The Centre on Tuesday extended the ban on the Liberation Tigers of Tamil Eelam for five more years with immediate effect for posing a threat to “the sovereignty and territorial integrity of India”.
In a notification dated May 14, 2019, the Ministry of Home Affairs renewed its 2014 notification to ban LTTE under the Unlawful Activities (Prevention) Act, 1967. The ministry said the LTTE “continues to adopt a strong anti-India posture as also continues to pose a grave threat to the security of Indian nationals”.
The LTTE was formed by V Prabhakaran in 1976 to fight for independence of Tamils in Sri Lanka. The Sri Lankan army killed him in 2009 after the defeat of the Tamil separatist group following a 25-year-long civil war. Prabhakaran had ordered the assassination of former Indian Prime Minister Rajiv Gandhi in 1991.
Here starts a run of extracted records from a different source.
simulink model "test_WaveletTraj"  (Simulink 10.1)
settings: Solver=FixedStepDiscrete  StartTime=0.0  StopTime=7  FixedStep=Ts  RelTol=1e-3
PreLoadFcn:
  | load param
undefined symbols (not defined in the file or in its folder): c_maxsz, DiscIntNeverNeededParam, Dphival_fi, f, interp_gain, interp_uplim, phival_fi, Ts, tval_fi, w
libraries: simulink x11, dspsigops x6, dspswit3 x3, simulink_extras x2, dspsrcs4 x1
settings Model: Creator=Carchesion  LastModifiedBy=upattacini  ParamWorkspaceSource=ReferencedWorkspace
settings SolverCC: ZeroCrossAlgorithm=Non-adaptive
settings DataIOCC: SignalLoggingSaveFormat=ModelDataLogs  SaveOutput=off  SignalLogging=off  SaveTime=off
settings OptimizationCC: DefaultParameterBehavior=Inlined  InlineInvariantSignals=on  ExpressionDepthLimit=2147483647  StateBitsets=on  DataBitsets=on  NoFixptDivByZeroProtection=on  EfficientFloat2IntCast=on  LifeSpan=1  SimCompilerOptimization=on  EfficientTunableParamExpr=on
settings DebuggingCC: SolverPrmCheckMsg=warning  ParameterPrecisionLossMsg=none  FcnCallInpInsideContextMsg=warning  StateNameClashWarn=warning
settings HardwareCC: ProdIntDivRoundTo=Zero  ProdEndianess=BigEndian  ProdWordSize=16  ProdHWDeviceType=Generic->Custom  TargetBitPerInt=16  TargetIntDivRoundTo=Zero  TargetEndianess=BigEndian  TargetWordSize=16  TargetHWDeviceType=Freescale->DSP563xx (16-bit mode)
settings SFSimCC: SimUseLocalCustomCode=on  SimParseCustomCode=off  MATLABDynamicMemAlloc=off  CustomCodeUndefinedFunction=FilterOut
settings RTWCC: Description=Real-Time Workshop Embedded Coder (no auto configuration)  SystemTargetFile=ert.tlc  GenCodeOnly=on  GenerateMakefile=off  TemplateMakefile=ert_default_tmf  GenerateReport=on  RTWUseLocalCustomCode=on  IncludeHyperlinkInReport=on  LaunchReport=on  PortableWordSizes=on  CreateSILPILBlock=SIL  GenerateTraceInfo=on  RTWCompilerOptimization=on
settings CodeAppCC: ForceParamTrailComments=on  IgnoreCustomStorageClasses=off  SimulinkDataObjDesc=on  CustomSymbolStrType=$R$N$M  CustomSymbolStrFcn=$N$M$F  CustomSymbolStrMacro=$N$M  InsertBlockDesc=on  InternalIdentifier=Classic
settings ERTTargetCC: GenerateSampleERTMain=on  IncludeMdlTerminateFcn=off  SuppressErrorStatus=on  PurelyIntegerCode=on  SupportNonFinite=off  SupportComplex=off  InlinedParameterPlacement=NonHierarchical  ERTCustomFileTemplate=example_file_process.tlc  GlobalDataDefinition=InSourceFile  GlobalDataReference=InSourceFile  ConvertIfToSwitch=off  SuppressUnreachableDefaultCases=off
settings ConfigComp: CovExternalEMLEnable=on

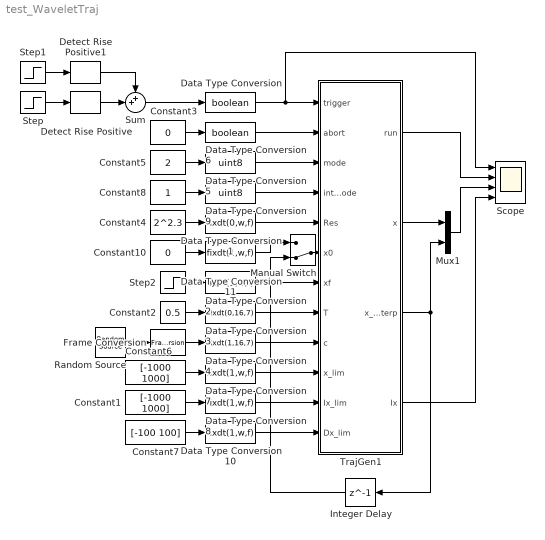
== system test_WaveletTraj ==
  Constant1 : Constant  Value=[-1000 1000]
  Constant10 : Constant  Value=0
  Constant2 : Constant  Value=0.5
  Constant3 : Constant  Value=0
  Constant4 : Constant  Value=2^2.3
  Constant5 : Constant  Value=2
  Constant6 : Constant  Value=[-1000 1000]
  Constant7 : Constant  Value=[-100 100]
  Constant8 : Constant
  Data Type Conversion : DataTypeConversion  OutDataTypeStr=boolean  RndMeth=Nearest  SaturateOnIntegerOverflow=on
  Data Type Conversion1 : DataTypeConversion  OutDataTypeStr=fixdt(0,w,f)  RndMeth=Nearest  SaturateOnIntegerOverflow=on
  Data Type Conversion{2,7..8,10..11} (5 alike) : DataTypeConversion  OutDataTypeStr=fixdt(1,w,f)  RndMeth=Nearest  SaturateOnIntegerOverflow=on
  Data Type Conversion3 : DataTypeConversion  OutDataTypeStr=fixdt(0,16,7)  RndMeth=Nearest  SaturateOnIntegerOverflow=on
  Data Type Conversion4 : DataTypeConversion  OutDataTypeStr=fixdt(1,16,7)  RndMeth=Nearest  SaturateOnIntegerOverflow=on
  Data Type Conversion5 : DataTypeConversion  OutDataTypeStr=uint8  RndMeth=Nearest  SaturateOnIntegerOverflow=on
  Data Type Conversion6 : DataTypeConversion  OutDataTypeStr=boolean  RndMeth=Nearest  SaturateOnIntegerOverflow=on
  Data Type Conversion9 : DataTypeConversion  OutDataTypeStr=uint8  RndMeth=Nearest  SaturateOnIntegerOverflow=on
  Detect Rise Positive : simulink/Logic and Bit Operations/Detect Rise Positive  vinit=0  OutDataTypeStr=uint8
  Detect Rise Positive1 : simulink/Logic and Bit Operations/Detect Rise Positive  vinit=0  OutDataTypeStr=uint8
  Frame Conversion : FrameConversion  OutFrame=Sample-based
  Integer Delay : Delay  DelayLength=1
  Manual Switch : ManualSwitch  CurrentSetting=0
  Mux1 : Mux  Inputs=2
  Random Source : dspsrcs4/Random Source  SrcType=Uniform  NormMethod=Ziggurat  CltLength=12  MinVal=-10  MaxVal=10  MeanVal=0  VarVal=1  RepMode=Not repeatable  rawSeed=1  IsInherit=off  SampMode=Discrete  SampTime=Ts/c_maxsz  SampFrame=c_maxsz  DataType=Double  OutComplex=Real  OutputFrames=on
  Scope : Scope  NumInputPorts=4
  Step : Step  SampleTime=Ts
  Step1 : Step  Time=2  SampleTime=Ts
  Step2 : Step  Time=1.5  Before=10  After=20  SampleTime=Ts
  Sum : Sum  Inputs=++|
  TrajGen1 : Subsystem  TreatAsAtomicUnit=on  RTWFcnName=WaveletTrajectory
      settings: RTWFcnNameOpts=User specified
  wires:
  Constant4/1 -> Data Type Conversion1/1
  Constant2/1 -> Data Type Conversion3/1
  Step/1 -> Detect Rise Positive/1
  Step1/1 -> Detect Rise Positive1/1
  Random Source/1 -> Frame Conversion/1
  Frame Conversion/1 -> Data Type Conversion4/1
  Data Type Conversion/1 -> Scope/1, TrajGen1/1(trigger)
  Sum/1 -> Data Type Conversion/1
  Mux1/1 -> Scope/3
  Data Type Conversion4/1 -> TrajGen1/9(c)
  Data Type Conversion3/1 -> TrajGen1/8(T)
  Data Type Conversion1/1 -> TrajGen1/5(Res)
  Step2/1 -> Data Type Conversion2/1
  Data Type Conversion2/1 -> TrajGen1/7(xf)
  Detect Rise Positive/1 -> Sum/2
  Detect Rise Positive1/1 -> Sum/1
  Data Type Conversion5/1 -> TrajGen1/3(mode)
  Data Type Conversion6/1 -> TrajGen1/2(abort)
  Constant5/1 -> Data Type Conversion5/1
  Data Type Conversion7/1 -> TrajGen1/10(x_lim)
  Data Type Conversion8/1 -> TrajGen1/11(Ix_lim)
  Constant6/1 -> Data Type Conversion7/1
  Constant1/1 -> Data Type Conversion8/1
  Constant3/1 -> Data Type Conversion6/1
  Constant8/1 -> Data Type Conversion9/1
  Data Type Conversion9/1 -> TrajGen1/4(int_mode)
  TrajGen1/1(run) -> Scope/2
  TrajGen1/2(x) -> Mux1/1
  TrajGen1/3(x_interp) -> Mux1/2, Integer Delay/1
  TrajGen1/4(Ix) -> Scope/4
  Data Type Conversion10/1 -> TrajGen1/12(Dx_lim)
  Constant7/1 -> Data Type Conversion10/1
  Manual Switch/1 -> TrajGen1/6(x0)
  Integer Delay/1 -> Manual Switch/2
  Constant10/1 -> Data Type Conversion11/1
  Data Type Conversion11/1 -> Manual Switch/1

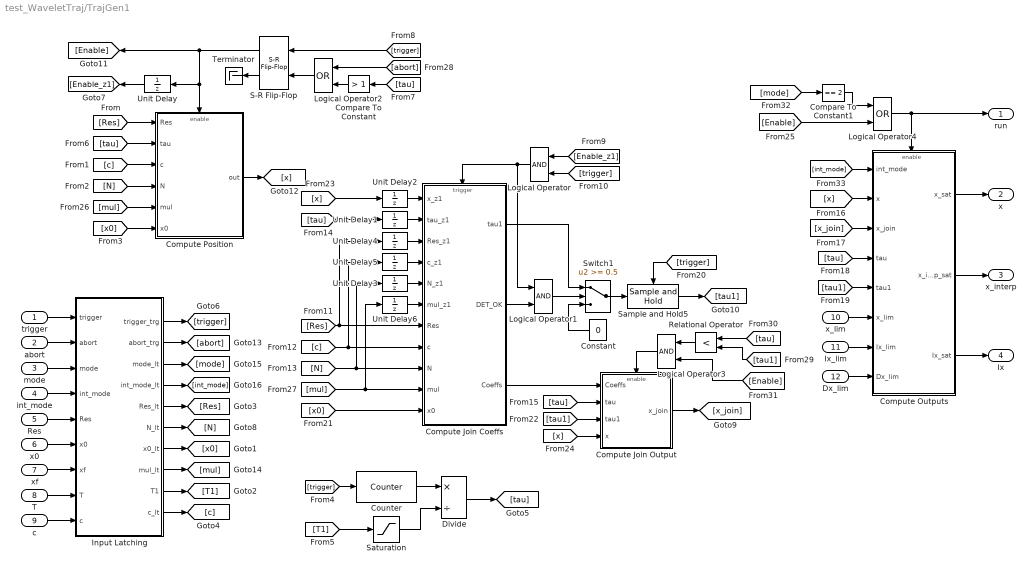
== system test_WaveletTraj/TrajGen1 ==
  trigger : Inport  PortDimensions=1
  abort : Inport  Port=2  PortDimensions=1
  mode : Inport  Port=3  PortDimensions=1
  int_mode : Inport  Port=4  PortDimensions=1
  Res : Inport  Port=5  PortDimensions=1
  x0 : Inport  Port=6  PortDimensions=1
  xf : Inport  Port=7  PortDimensions=1
  T : Inport  Port=8  PortDimensions=1
  c : Inport  Port=9  PortDimensions=c_maxsz
  x_lim : Inport  Port=10  PortDimensions=2
  Ix_lim : Inport  Port=11  PortDimensions=2
  Dx_lim : Inport  Port=12  PortDimensions=2
  Compare To Constant : simulink/Logic and Bit Operations/Compare To Constant  relop=>  const=1  OutDataTypeStr=boolean  ZeroCross=off
  Compare To Constant1 : simulink/Logic and Bit Operations/Compare To Constant  relop===  const=2  OutDataTypeStr=boolean  ZeroCross=off
  Compute Join Coeffs : Subsystem  RTWFcnName=Trajectory_ComputeJoinCoeffs
      settings: RTWFcnNameOpts=User specified
  Compute Join Output : Subsystem  TreatAsAtomicUnit=on  RTWFcnName=Trajectory_ComputeJoinOutput
      settings: RTWFcnNameOpts=User specified
  Compute Outputs : Subsystem  TreatAsAtomicUnit=on  RTWFcnName=Trajectory_ComputeOutputs
      settings: RTWFcnNameOpts=User specified
  Compute Position : Subsystem  TreatAsAtomicUnit=on  RTWFcnName=Trajectory_ComputePosition
      settings: RTWFcnNameOpts=User specified
  Constant : Constant  Value=0  OutDataTypeStr=fixdt(1,w,f)
  Counter : dspswit3/Counter  Direction=Up  CountEvent=Free running  CounterSize=32 bits  MaxCount=255  InitialCount=0  Output=Count  HitValue=32  ResetInput=on  SamplesPerFrame=1  Ts=-1  CntDtype=uint32  HitDtype=Logical
  Divide : Product  Inputs=*/  OutDataTypeStr=fixdt(1,w,f)  RndMeth=Nearest  SaturateOnIntegerOverflow=on
  Input Latching : Subsystem  TreatAsAtomicUnit=on  RTWFcnName=Trajectory_InputLatching
      settings: RTWFcnNameOpts=User specified
  Logical Operator : Logic  IconShape=distinctive  AllPortsSameDT=off  OutDataTypeStr=boolean
  Logical Operator1 : Logic  IconShape=distinctive  AllPortsSameDT=off  OutDataTypeStr=boolean
  Logical Operator2 : Logic  Operator=OR  IconShape=distinctive  AllPortsSameDT=off  OutDataTypeStr=boolean
  Logical Operator3 : Logic  IconShape=distinctive  AllPortsSameDT=off  OutDataTypeStr=boolean
  Logical Operator4 : Logic  Operator=OR  IconShape=distinctive  AllPortsSameDT=off  OutDataTypeStr=boolean
  Relational Operator : RelationalOperator  Operator=<  OutDataTypeStr=boolean  RndMeth=Nearest
  S-R Flip-Flop : simulink_extras/Flip Flops/S-R Flip-Flop  initial_condition=0
  Sample and Hold5 : dspsigops/Sample and Hold  trig=Rising edge  initCond=0  latchinput=off
  Saturation : Saturate  UpperLimit=intmax('uint32')  LowerLimit=1  OutDataTypeStr=uint32  RndMeth=Nearest
  Switch1 : Switch  Threshold=0.5  OutDataTypeStr=fixdt(0,w,f)  RndMeth=Nearest  SaturateOnIntegerOverflow=on
  Terminator : Terminator
  Unit Delay{,1..6} (7 alike) : UnitDelay  SampleTime=-1
  run : Outport  PortDimensions=1
  x : Outport  Port=2  PortDimensions=1
  x_interp : Outport  Port=3  PortDimensions=1
  Ix : Outport  Port=4  PortDimensions=1
  wires:
  Unit Delay4/1 -> Compute Join Coeffs/3(Res_z1)
  [x] -> Compute Join Output/4(x)
  [tau1] -> Compute Join Output/3(tau1)
  Compute Join Output/1(x_join) -> [x_join]
  Unit Delay2/1 -> Compute Join Coeffs/1(x_z1)
  Unit Delay1/1 -> Compute Join Coeffs/2(tau_z1)
  [x0] -> Compute Position/6(x0)
  [x] -> Unit Delay2/1
  [tau] -> Unit Delay1/1
  Logical Operator1/1 -> Switch1/2
  Compute Join Coeffs/2(DET_OK) -> Logical Operator1/2
  [x0] -> Compute Join Coeffs/11(x0)
  [tau] -> Compute Join Output/2(tau)
  Compute Join Coeffs/3(Coeffs) -> Compute Join Output/1(Coeffs)
  [trigger] -> Sample and Hold5/Trigger
  Sample and Hold5/1 -> [tau1]
  Constant/1 -> Switch1/3
  Compute Join Coeffs/1(tau1) -> Switch1/1
  Switch1/1 -> Sample and Hold5/1
  Logical Operator/1 -> Logical Operator1/1, Compute Join Coeffs/Trigger
  [N] -> Compute Join Coeffs/9(N), Unit Delay3/1
  [c] -> Compute Join Coeffs/8(c), Unit Delay5/1
  [Res] -> Unit Delay4/1, Compute Join Coeffs/7(Res)
  Compute Position/1(out) -> [x]
  [trigger] -> Logical Operator/2
  [Enable_z1] -> Logical Operator/1
  [trigger] -> Counter/1
  Counter/1 -> Divide/1
  S-R Flip-Flop/1 -> Compute Position/Enable, Unit Delay/1, [Enable]
  S-R Flip-Flop/2 -> Terminator/1
  [tau] -> Compare To Constant/1
  [trigger] -> S-R Flip-Flop/1
  Saturation/1 -> Divide/2
  [tau] -> Compute Position/2(tau)
  Divide/1 -> [tau]
  [T1] -> Saturation/1
  [N] -> Compute Position/4(N)
  [c] -> Compute Position/3(c)
  [Res] -> Compute Position/1(Res)
  Unit Delay5/1 -> Compute Join Coeffs/4(c_z1)
  Unit Delay3/1 -> Compute Join Coeffs/5(N_z1)
  Unit Delay/1 -> [Enable_z1]
  trigger/1 -> Input Latching/1(trigger)
  mode/1 -> Input Latching/3(mode)
  Res/1 -> Input Latching/5(Res)
  x0/1 -> Input Latching/6(x0)
  T/1 -> Input Latching/8(T)
  c/1 -> Input Latching/9(c)
  xf/1 -> Input Latching/7(xf)
  Input Latching/1(trigger_trg) -> [trigger]
  Input Latching/5(Res_lt) -> [Res]
  Input Latching/6(N_lt) -> [N]
  Input Latching/7(x0_lt) -> [x0]
  Input Latching/9(T1) -> [T1]
  Input Latching/10(c_lt) -> [c]
  Input Latching/8(mul_lt) -> [mul]
  [mul] -> Compute Position/5(mul)
  [mul] -> Compute Join Coeffs/10(mul), Unit Delay6/1
  Unit Delay6/1 -> Compute Join Coeffs/6(mul_z1)
  abort/1 -> Input Latching/2(abort)
  Input Latching/2(abort_trg) -> [abort]
  Logical Operator2/1 -> S-R Flip-Flop/2
  [abort] -> Logical Operator2/1
  x_lim/1 -> Compute Outputs/6(x_lim)
  Ix_lim/1 -> Compute Outputs/7(Ix_lim)
  [tau1] -> Compute Outputs/5(tau1)
  [tau] -> Compute Outputs/4(tau)
  [x_join] -> Compute Outputs/3(x_join)
  [x] -> Compute Outputs/2(x)
  Compute Outputs/1(x_sat) -> x/1
  Compute Outputs/2(x_interp_sat) -> x_interp/1
  Compute Outputs/3(Ix_sat) -> Ix/1
  [tau] -> Relational Operator/1
  [tau1] -> Relational Operator/2
  Relational Operator/1 -> Logical Operator3/1
  Logical Operator3/1 -> Compute Join Output/Enable
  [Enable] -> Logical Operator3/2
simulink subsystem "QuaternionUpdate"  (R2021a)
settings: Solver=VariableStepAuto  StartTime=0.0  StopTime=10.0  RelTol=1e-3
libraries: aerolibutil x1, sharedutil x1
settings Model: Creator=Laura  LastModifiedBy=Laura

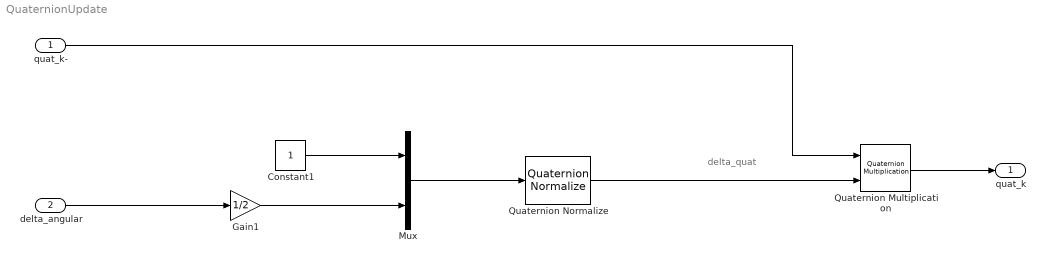
== system QuaternionUpdate ==
  note: delta_quat
  quat_k- : Inport  SampleTime=1/10
  delta_angular : Inport  Port=2  SampleTime=1/10
  Constant1 : Constant
  Gain1 : Gain  Gain=1/2
  Mux : Mux  Inputs=2
  Quaternion Multiplication : aerolibutil/Quaternion Multiplication
  Quaternion Normalize : sharedutil/Quaternion Normalize  aMode=aMode
      settings: SourceProductBaseCode=AE,PW,DR,MT,UV,VE
  quat_k : Outport  SampleTime=1/10
  wires:
  delta_angular/1 -> Gain1/1
  Gain1/1 -> Mux/2
  Constant1/1 -> Mux/1
  Quaternion Multiplication/1 -> quat_k/1
  quat_k-/1 -> Quaternion Multiplication/1
  Mux/1 -> Quaternion Normalize/1
  Quaternion Normalize/1 -> Quaternion Multiplication/2

The notification said though the LTTE is based in Sri Lanka, it has sympathisers in India, and the organisation’s objective for a separate homeland for Tamils, or Tamil Eelam, threatens “the sovereignty and territorial integrity of India, and amounts to cession and secession of a part of the territory of India from the Union and thus falls within the ambit of unlawful activities”.
“The Diaspora continue to spread through articles in the Internet portals, anti-India feeling amongst the Sri Lankan Tamils by holding the Government of India responsible for the defeat of the LTTE and such propaganda through Internet, which remains continued, is likely to impact Very Very Important Persons (VVIP) security adversely in India,” the notification added.